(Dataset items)
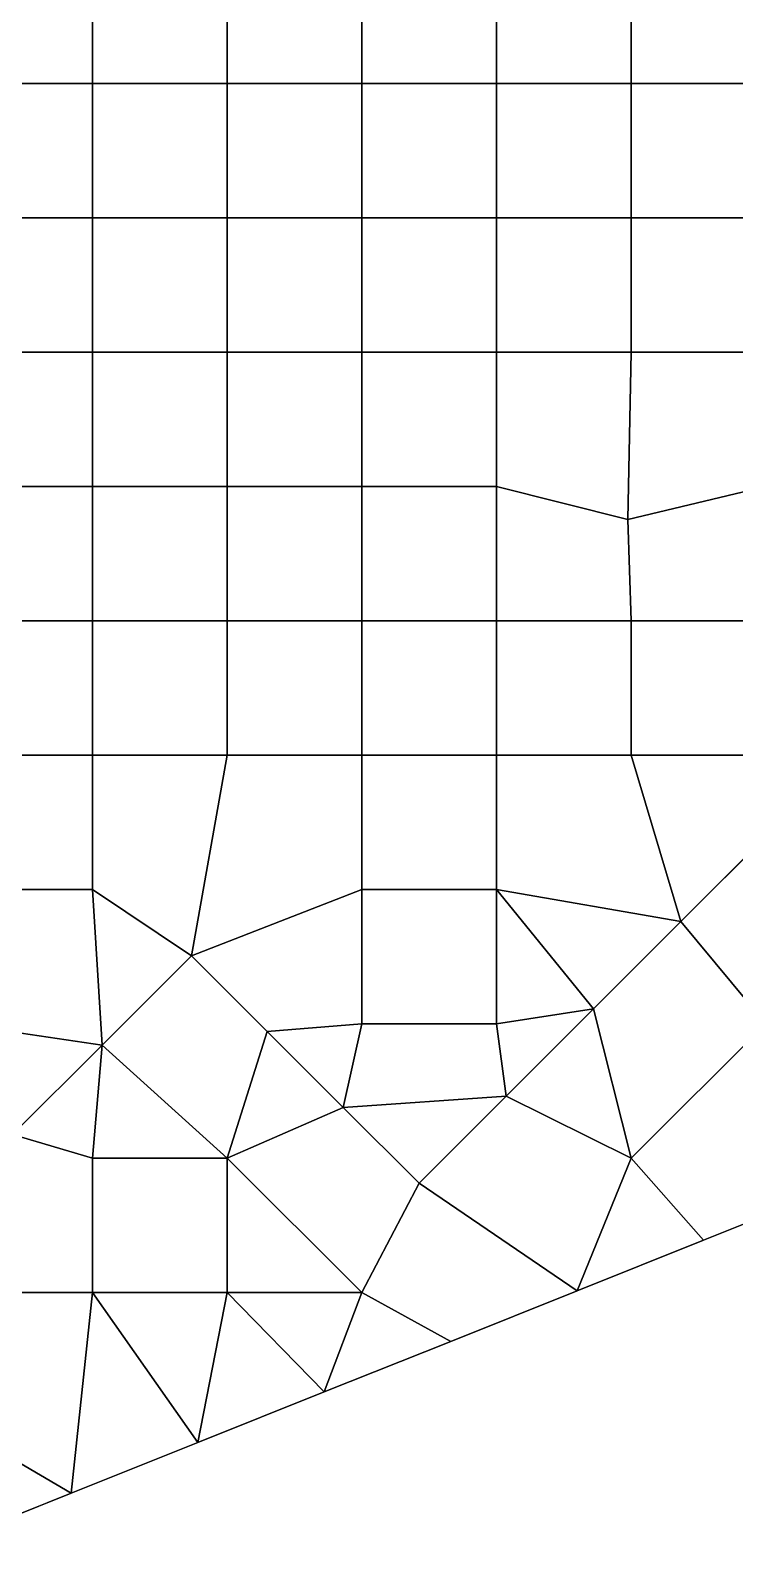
# Model space of a CAD drawing. Extents: x -13 to 39.3, y -26.5 to 20.6.
# Drawn here: x 27.98 to 30.61, y -25.95 to -20.31 of the extents above; entities that cross this region are included whole.
import ezdxf

# ---------------------------------------------------------------- set-up
doc = ezdxf.new("R2010")
doc.units = 0
doc.layers.add('BARS', color=1, linetype='CONTINUOUS')
doc.layers.add('FACES', color=5, linetype='CONTINUOUS')

msp = doc.modelspace()

# ---------------------------------------------------------------- linework, layer by layer
at = {"layer": 'BARS'}
for p, q in [((30.7322, -23.3062), (30.4069, -23.6315)), ((30.7322, -23.3062, 3.3), (30.4069, -23.6315, 3.3)), ((30.4069, -23.6315), (30.0817, -23.9568)), ((30.4069, -23.6315, 3.3), (30.0817, -23.9568, 3.3)), ((28.5826, -23.7588), (28.2492, -24.0921)), ((28.5826, -23.7588, 3.3), (28.2492, -24.0921, 3.3)), ((28.8654, -24.0416), (28.5826, -23.7588)), ((28.5826, -23.7588), (28.5826, -23.7588, 0.66)), ((28.5826, -23.7588, 0.66), (28.5826, -23.7588, 1.32)), ((28.5826, -23.7588, 1.32), (28.5826, -23.7588, 1.98)), ((28.5826, -23.7588, 1.98), (28.5826, -23.7588, 2.64)), ((28.5826, -23.7588, 2.64), (28.5826, -23.7588, 3.3)), ((28.8654, -24.0416, 3.3), (28.5826, -23.7588, 3.3)), ((30.0817, -23.9568), (29.7564, -24.282)), ((30.0817, -23.9568, 3.3), (29.7564, -24.282, 3.3)), ((29.1483, -24.3245), (28.8654, -24.0416)), ((29.1483, -24.3245, 3.3), (28.8654, -24.0416, 3.3)), ((28.2492, -24.0921), (27.9159, -24.4255)), ((28.2492, -24.0921, 3.3), (27.9159, -24.4255, 3.3)), ((29.7564, -24.282), (29.4311, -24.6073)), ((29.7564, -24.282, 3.3), (29.4311, -24.6073, 3.3)), ((29.4311, -24.6073), (29.1483, -24.3245)), ((29.4311, -24.6073, 3.3), (29.1483, -24.3245, 3.3)), ((30.9632, -24.6309), (30.4918, -24.8194)), ((30.9632, -24.6309, 3.3), (30.4918, -24.8194, 3.3)), ((30.4918, -24.8194), (30.0204, -25.008)), ((30.4918, -24.8194, 3.3), (30.0204, -25.008, 3.3)), ((30.0204, -25.008), (29.549, -25.1966)), ((30.0204, -25.008, 3.3), (29.549, -25.1966, 3.3)), ((29.549, -25.1966), (29.0776, -25.3851)), ((29.549, -25.1966, 3.3), (29.0776, -25.3851, 3.3)), ((29.0776, -25.3851), (28.6062, -25.5737)), ((29.0776, -25.3851, 3.3), (28.6062, -25.5737, 3.3)), ((28.6062, -25.5737), (28.1348, -25.7623)), ((28.6062, -25.5737, 3.3), (28.1348, -25.7623, 3.3)), ((28.1348, -25.7623), (27.6634, -25.9508)), ((28.1348, -25.7623, 3.3), (27.6634, -25.9508, 3.3))]:
    msp.add_line(p, q, dxfattribs=at)
at = {"layer": 'FACES'}
for points in [[(28.2134, -20.0073), (27.8755, -19.799), (27.7113, -20.508), (28.2134, -20.508)], [(28.2134, -20.0073, 3.3), (27.8755, -19.799, 3.3), (27.7113, -20.508, 3.3), (28.2134, -20.508, 3.3)], [(28.7155, -20.0073), (28.2134, -20.0073), (28.2134, -20.508), (28.7155, -20.508)], [(28.7155, -20.0073, 3.3), (28.2134, -20.0073, 3.3), (28.2134, -20.508, 3.3), (28.7155, -20.508, 3.3)], [(29.2176, -20.0073), (28.7155, -20.0073), (28.7155, -20.508), (29.2176, -20.508)], [(29.2176, -20.0073, 3.3), (28.7155, -20.0073, 3.3), (28.7155, -20.508, 3.3), (29.2176, -20.508, 3.3)], [(29.7197, -20.0073), (29.2176, -20.0073), (29.2176, -20.508), (29.7197, -20.508)], [(29.7197, -20.0073, 3.3), (29.2176, -20.0073, 3.3), (29.2176, -20.508, 3.3), (29.7197, -20.508, 3.3)], [(30.2219, -20.0073), (29.7197, -20.0073), (29.7197, -20.508), (30.2219, -20.508)], [(30.2219, -20.0073, 3.3), (29.7197, -20.0073, 3.3), (29.7197, -20.508, 3.3), (30.2219, -20.508, 3.3)], [(30.724, -20.0073), (30.2219, -20.0073), (30.2219, -20.508), (30.724, -20.508)], [(30.724, -20.0073, 3.3), (30.2219, -20.0073, 3.3), (30.2219, -20.508, 3.3), (30.724, -20.508, 3.3)], [(28.2134, -20.508), (27.7113, -20.508), (27.7113, -21.0087), (28.2134, -21.0087)], [(28.2134, -20.508, 3.3), (27.7113, -20.508, 3.3), (27.7113, -21.0087, 3.3), (28.2134, -21.0087, 3.3)], [(28.7155, -20.508), (28.2134, -20.508), (28.2134, -21.0087), (28.7155, -21.0087)], [(28.7155, -20.508, 3.3), (28.2134, -20.508, 3.3), (28.2134, -21.0087, 3.3), (28.7155, -21.0087, 3.3)], [(29.2176, -20.508), (28.7155, -20.508), (28.7155, -21.0087), (29.2176, -21.0087)], [(29.2176, -20.508, 3.3), (28.7155, -20.508, 3.3), (28.7155, -21.0087, 3.3), (29.2176, -21.0087, 3.3)], [(29.7197, -20.508), (29.2176, -20.508), (29.2176, -21.0087), (29.7197, -21.0087)], [(29.7197, -20.508, 3.3), (29.2176, -20.508, 3.3), (29.2176, -21.0087, 3.3), (29.7197, -21.0087, 3.3)], [(30.2219, -20.508), (29.7197, -20.508), (29.7197, -21.0087), (30.2219, -21.0087)], [(30.2219, -20.508, 3.3), (29.7197, -20.508, 3.3), (29.7197, -21.0087, 3.3), (30.2219, -21.0087, 3.3)], [(30.724, -20.508), (30.2219, -20.508), (30.2219, -21.0087), (30.724, -21.0087)], [(30.724, -20.508, 3.3), (30.2219, -20.508, 3.3), (30.2219, -21.0087, 3.3), (30.724, -21.0087, 3.3)], [(28.2134, -21.0087), (27.7113, -21.0087), (27.7113, -21.5094), (28.2134, -21.5094)], [(28.2134, -21.0087, 3.3), (27.7113, -21.0087, 3.3), (27.7113, -21.5094, 3.3), (28.2134, -21.5094, 3.3)], [(28.7155, -21.0087), (28.2134, -21.0087), (28.2134, -21.5094), (28.7155, -21.5094)], [(28.7155, -21.0087, 3.3), (28.2134, -21.0087, 3.3), (28.2134, -21.5094, 3.3), (28.7155, -21.5094, 3.3)], [(29.2176, -21.0087), (28.7155, -21.0087), (28.7155, -21.5094), (29.2176, -21.5094)], [(29.2176, -21.0087, 3.3), (28.7155, -21.0087, 3.3), (28.7155, -21.5094, 3.3), (29.2176, -21.5094, 3.3)], [(29.7197, -21.0087), (29.2176, -21.0087), (29.2176, -21.5094), (29.7197, -21.5094)], [(29.7197, -21.0087, 3.3), (29.2176, -21.0087, 3.3), (29.2176, -21.5094, 3.3), (29.7197, -21.5094, 3.3)], [(30.2219, -21.0087), (29.7197, -21.0087), (29.7197, -21.5094), (30.2219, -21.5094)], [(30.2219, -21.0087, 3.3), (29.7197, -21.0087, 3.3), (29.7197, -21.5094, 3.3), (30.2219, -21.5094, 3.3)], [(30.724, -21.0087), (30.2219, -21.0087), (30.2219, -21.5094), (30.724, -21.5094)], [(30.724, -21.0087, 3.3), (30.2219, -21.0087, 3.3), (30.2219, -21.5094, 3.3), (30.724, -21.5094, 3.3)], [(28.2134, -21.5094), (27.7113, -21.5094), (27.7113, -22.0101), (28.2134, -22.0101)], [(28.2134, -21.5094, 3.3), (27.7113, -21.5094, 3.3), (27.7113, -22.0101, 3.3), (28.2134, -22.0101, 3.3)], [(28.7155, -21.5094), (28.2134, -21.5094), (28.2134, -22.0101), (28.7155, -22.0101)], [(28.7155, -21.5094, 3.3), (28.2134, -21.5094, 3.3), (28.2134, -22.0101, 3.3), (28.7155, -22.0101, 3.3)], [(29.2176, -21.5094), (28.7155, -21.5094), (28.7155, -22.0101), (29.2176, -22.0101)], [(29.2176, -21.5094, 3.3), (28.7155, -21.5094, 3.3), (28.7155, -22.0101, 3.3), (29.2176, -22.0101, 3.3)], [(29.7197, -21.5094), (29.2176, -21.5094), (29.2176, -22.0101), (29.7197, -22.0101)], [(29.7197, -21.5094, 3.3), (29.2176, -21.5094, 3.3), (29.2176, -22.0101, 3.3), (29.7197, -22.0101, 3.3)], [(30.2219, -21.5094), (29.7197, -21.5094), (29.7197, -22.0101), (30.2089, -22.1324)], [(30.2219, -21.5094, 3.3), (29.7197, -21.5094, 3.3), (29.7197, -22.0101, 3.3), (30.2089, -22.1324, 3.3)], [(30.724, -21.5094), (30.2219, -21.5094), (30.2089, -22.1324), (30.724, -22.0101)], [(30.724, -21.5094, 3.3), (30.2219, -21.5094, 3.3), (30.2089, -22.1324, 3.3), (30.724, -22.0101, 3.3)], [(28.2134, -22.0101), (27.7113, -22.0101), (27.7113, -22.5108), (28.2134, -22.5108)], [(28.2134, -22.0101, 3.3), (27.7113, -22.0101, 3.3), (27.7113, -22.5108, 3.3), (28.2134, -22.5108, 3.3)], [(28.7155, -22.0101), (28.2134, -22.0101), (28.2134, -22.5108), (28.7155, -22.5108)], [(28.7155, -22.0101, 3.3), (28.2134, -22.0101, 3.3), (28.2134, -22.5108, 3.3), (28.7155, -22.5108, 3.3)], [(29.2176, -22.0101), (28.7155, -22.0101), (28.7155, -22.5108), (29.2176, -22.5108)], [(29.2176, -22.0101, 3.3), (28.7155, -22.0101, 3.3), (28.7155, -22.5108, 3.3), (29.2176, -22.5108, 3.3)], [(29.7197, -22.0101), (29.2176, -22.0101), (29.2176, -22.5108), (29.7197, -22.5108)], [(29.7197, -22.0101, 3.3), (29.2176, -22.0101, 3.3), (29.2176, -22.5108, 3.3), (29.7197, -22.5108, 3.3)], [(30.2089, -22.1324), (29.7197, -22.0101), (29.7197, -22.5108), (30.2219, -22.5108)], [(30.2089, -22.1324, 3.3), (29.7197, -22.0101, 3.3), (29.7197, -22.5108, 3.3), (30.2219, -22.5108, 3.3)], [(30.724, -22.0101), (30.2089, -22.1324), (30.2219, -22.5108), (30.724, -22.5108)], [(30.724, -22.0101, 3.3), (30.2089, -22.1324, 3.3), (30.2219, -22.5108, 3.3), (30.724, -22.5108, 3.3)], [(28.2134, -22.5108), (27.7113, -22.5108), (27.7113, -23.0116), (28.2134, -23.0116)], [(28.2134, -22.5108, 3.3), (27.7113, -22.5108, 3.3), (27.7113, -23.0116, 3.3), (28.2134, -23.0116, 3.3)], [(28.7155, -22.5108), (28.2134, -22.5108), (28.2134, -23.0116), (28.7155, -23.0116)], [(28.7155, -22.5108, 3.3), (28.2134, -22.5108, 3.3), (28.2134, -23.0116, 3.3), (28.7155, -23.0116, 3.3)], [(29.2176, -22.5108), (28.7155, -22.5108), (28.7155, -23.0116), (29.2176, -23.0116)], [(29.2176, -22.5108, 3.3), (28.7155, -22.5108, 3.3), (28.7155, -23.0116, 3.3), (29.2176, -23.0116, 3.3)], [(29.7197, -22.5108), (29.2176, -22.5108), (29.2176, -23.0116), (29.7197, -23.0116)], [(29.7197, -22.5108, 3.3), (29.2176, -22.5108, 3.3), (29.2176, -23.0116, 3.3), (29.7197, -23.0116, 3.3)], [(30.2219, -22.5108), (29.7197, -22.5108), (29.7197, -23.0116), (30.2219, -23.0116)], [(30.2219, -22.5108, 3.3), (29.7197, -22.5108, 3.3), (29.7197, -23.0116, 3.3), (30.2219, -23.0116, 3.3)], [(30.724, -22.5108), (30.2219, -22.5108), (30.2219, -23.0116), (30.724, -23.0116)], [(30.724, -22.5108, 3.3), (30.2219, -22.5108, 3.3), (30.2219, -23.0116, 3.3), (30.724, -23.0116, 3.3)], [(28.2134, -23.0116), (27.7113, -23.0116), (27.7113, -23.5123), (28.2134, -23.5123)], [(28.2134, -23.0116, 3.3), (27.7113, -23.0116, 3.3), (27.7113, -23.5123, 3.3), (28.2134, -23.5123, 3.3)], [(28.7155, -23.0116), (28.2134, -23.0116), (28.2134, -23.5123), (28.5826, -23.7588)], [(28.7155, -23.0116, 3.3), (28.2134, -23.0116, 3.3), (28.2134, -23.5123, 3.3), (28.5826, -23.7588, 3.3)], [(29.2176, -23.0116), (28.7155, -23.0116), (28.5826, -23.7588), (29.2176, -23.5123)], [(29.2176, -23.0116, 3.3), (28.7155, -23.0116, 3.3), (28.5826, -23.7588, 3.3), (29.2176, -23.5123, 3.3)], [(29.7197, -23.0116), (29.2176, -23.0116), (29.2176, -23.5123), (29.7197, -23.5123)], [(29.7197, -23.0116, 3.3), (29.2176, -23.0116, 3.3), (29.2176, -23.5123, 3.3), (29.7197, -23.5123, 3.3)], [(30.2219, -23.0116), (29.7197, -23.0116), (29.7197, -23.5123), (30.4069, -23.6315)], [(30.2219, -23.0116, 3.3), (29.7197, -23.0116, 3.3), (29.7197, -23.5123, 3.3), (30.4069, -23.6315, 3.3)], [(30.724, -23.0116), (30.2219, -23.0116), (30.4069, -23.6315), (30.7322, -23.3062)], [(30.724, -23.0116, 3.3), (30.2219, -23.0116, 3.3), (30.4069, -23.6315, 3.3), (30.7322, -23.3062, 3.3)], [(30.7322, -23.3062), (30.4069, -23.6315), (30.724, -24.013)], [(30.4069, -23.6315, 0.66), (30.4069, -23.6315), (30.7322, -23.3062), (30.7322, -23.3062, 0.66)], [(30.4069, -23.6315, 1.32), (30.4069, -23.6315, 0.66), (30.7322, -23.3062, 0.66), (30.7322, -23.3062, 1.32)], [(30.4069, -23.6315, 1.98), (30.4069, -23.6315, 1.32), (30.7322, -23.3062, 1.32), (30.7322, -23.3062, 1.98)], [(30.4069, -23.6315, 2.64), (30.4069, -23.6315, 1.98), (30.7322, -23.3062, 1.98), (30.7322, -23.3062, 2.64)], [(30.4069, -23.6315, 2.64), (30.7322, -23.3062, 2.64), (30.7322, -23.3062, 3.3), (30.4069, -23.6315, 3.3)], [(30.7322, -23.3062, 3.3), (30.4069, -23.6315, 3.3), (30.724, -24.013, 3.3)], [(28.2134, -23.5123), (27.7113, -23.5123), (27.7113, -24.013), (28.2492, -24.0921)], [(28.2134, -23.5123, 3.3), (27.7113, -23.5123, 3.3), (27.7113, -24.013, 3.3), (28.2492, -24.0921, 3.3)], [(28.5826, -23.7588), (28.2134, -23.5123), (28.2492, -24.0921)], [(28.5826, -23.7588, 3.3), (28.2134, -23.5123, 3.3), (28.2492, -24.0921, 3.3)], [(29.2176, -23.5123), (28.5826, -23.7588), (28.8654, -24.0416), (29.2176, -24.013)], [(29.2176, -23.5123, 3.3), (28.5826, -23.7588, 3.3), (28.8654, -24.0416, 3.3), (29.2176, -24.013, 3.3)], [(29.7197, -23.5123), (29.2176, -23.5123), (29.2176, -24.013), (29.7197, -24.013)], [(29.7197, -23.5123, 3.3), (29.2176, -23.5123, 3.3), (29.2176, -24.013, 3.3), (29.7197, -24.013, 3.3)], [(30.4069, -23.6315), (29.7197, -23.5123), (30.0817, -23.9568)], [(29.7197, -23.5123), (29.7197, -24.013), (30.0817, -23.9568)], [(30.4069, -23.6315, 3.3), (29.7197, -23.5123, 3.3), (30.0817, -23.9568, 3.3)], [(29.7197, -23.5123, 3.3), (29.7197, -24.013, 3.3), (30.0817, -23.9568, 3.3)], [(30.4069, -23.6315), (30.0817, -23.9568), (30.2219, -24.5137), (30.724, -24.013)], [(30.0817, -23.9568, 0.66), (30.0817, -23.9568), (30.4069, -23.6315), (30.4069, -23.6315, 0.66)], [(30.0817, -23.9568, 1.32), (30.0817, -23.9568, 0.66), (30.4069, -23.6315, 0.66), (30.4069, -23.6315, 1.32)], [(30.0817, -23.9568, 1.98), (30.0817, -23.9568, 1.32), (30.4069, -23.6315, 1.32), (30.4069, -23.6315, 1.98)], [(30.0817, -23.9568, 2.64), (30.0817, -23.9568, 1.98), (30.4069, -23.6315, 1.98), (30.4069, -23.6315, 2.64)], [(30.0817, -23.9568, 2.64), (30.4069, -23.6315, 2.64), (30.4069, -23.6315, 3.3), (30.0817, -23.9568, 3.3)], [(30.4069, -23.6315, 3.3), (30.0817, -23.9568, 3.3), (30.2219, -24.5137, 3.3), (30.724, -24.013, 3.3)], [(28.8654, -24.0416), (28.5826, -23.7588), (28.2492, -24.0921), (28.7155, -24.5137)], [(28.2492, -24.0921, 0.66), (28.2492, -24.0921), (28.5826, -23.7588), (28.5826, -23.7588, 0.66)], [(28.2492, -24.0921, 0.66), (28.5826, -23.7588, 0.66), (28.5826, -23.7588, 1.32), (28.2492, -24.0921, 1.32)], [(28.2492, -24.0921, 1.32), (28.5826, -23.7588, 1.32), (28.5826, -23.7588, 1.98), (28.2492, -24.0921, 1.98)], [(28.2492, -24.0921, 1.98), (28.5826, -23.7588, 1.98), (28.5826, -23.7588, 2.64), (28.2492, -24.0921, 2.64)], [(28.2492, -24.0921, 2.64), (28.5826, -23.7588, 2.64), (28.5826, -23.7588, 3.3), (28.2492, -24.0921, 3.3)], [(28.8654, -24.0416, 3.3), (28.5826, -23.7588, 3.3), (28.2492, -24.0921, 3.3), (28.7155, -24.5137, 3.3)], [(28.5826, -23.7588), (28.5826, -23.7588, 0.66), (28.8654, -24.0416, 0.66), (28.8654, -24.0416)], [(28.8654, -24.0416, 0.66), (28.5826, -23.7588, 0.66), (28.5826, -23.7588, 1.32), (28.8654, -24.0416, 1.32)], [(28.8654, -24.0416, 1.32), (28.5826, -23.7588, 1.32), (28.5826, -23.7588, 1.98), (28.8654, -24.0416, 1.98)], [(28.8654, -24.0416, 1.98), (28.5826, -23.7588, 1.98), (28.5826, -23.7588, 2.64), (28.8654, -24.0416, 2.64)], [(28.8654, -24.0416, 2.64), (28.5826, -23.7588, 2.64), (28.5826, -23.7588, 3.3), (28.8654, -24.0416, 3.3)], [(30.0817, -23.9568), (29.7197, -24.013), (29.7564, -24.282)], [(30.0817, -23.9568, 3.3), (29.7197, -24.013, 3.3), (29.7564, -24.282, 3.3)], [(30.0817, -23.9568), (29.7564, -24.282), (30.2219, -24.5137)], [(29.7564, -24.282, 0.66), (29.7564, -24.282), (30.0817, -23.9568), (30.0817, -23.9568, 0.66)], [(29.7564, -24.282, 0.66), (30.0817, -23.9568, 0.66), (30.0817, -23.9568, 1.32), (29.7564, -24.282, 1.32)], [(29.7564, -24.282, 1.32), (30.0817, -23.9568, 1.32), (30.0817, -23.9568, 1.98), (29.7564, -24.282, 1.98)], [(29.7564, -24.282, 1.98), (30.0817, -23.9568, 1.98), (30.0817, -23.9568, 2.64), (29.7564, -24.282, 2.64)], [(29.7564, -24.282, 2.64), (30.0817, -23.9568, 2.64), (30.0817, -23.9568, 3.3), (29.7564, -24.282, 3.3)], [(30.0817, -23.9568, 3.3), (29.7564, -24.282, 3.3), (30.2219, -24.5137, 3.3)], [(28.2492, -24.0921), (27.7113, -24.013), (27.9159, -24.4255)], [(28.2492, -24.0921, 3.3), (27.7113, -24.013, 3.3), (27.9159, -24.4255, 3.3)], [(29.2176, -24.013), (28.8654, -24.0416), (29.1483, -24.3245)], [(29.2176, -24.013, 3.3), (28.8654, -24.0416, 3.3), (29.1483, -24.3245, 3.3)], [(29.7197, -24.013), (29.2176, -24.013), (29.1483, -24.3245), (29.7564, -24.282)], [(29.7197, -24.013, 3.3), (29.2176, -24.013, 3.3), (29.1483, -24.3245, 3.3), (29.7564, -24.282, 3.3)], [(30.724, -24.013), (30.2219, -24.5137), (30.4918, -24.8194), (30.9632, -24.6309)], [(30.724, -24.013, 3.3), (30.2219, -24.5137, 3.3), (30.4918, -24.8194, 3.3), (30.9632, -24.6309, 3.3)], [(28.8654, -24.0416), (28.7155, -24.5137), (29.1483, -24.3245)], [(28.8654, -24.0416, 3.3), (28.7155, -24.5137, 3.3), (29.1483, -24.3245, 3.3)], [(28.8654, -24.0416), (28.8654, -24.0416, 0.66), (29.1483, -24.3245, 0.66), (29.1483, -24.3245)], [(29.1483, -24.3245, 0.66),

#### AIM OF THE TASK
List every line in the records above that contains the word "BARS".

#### ANSWER TO THIS TASK
doc.layers.add('BARS', color=1, linetype='CONTINUOUS')
at = {"layer": 'BARS'}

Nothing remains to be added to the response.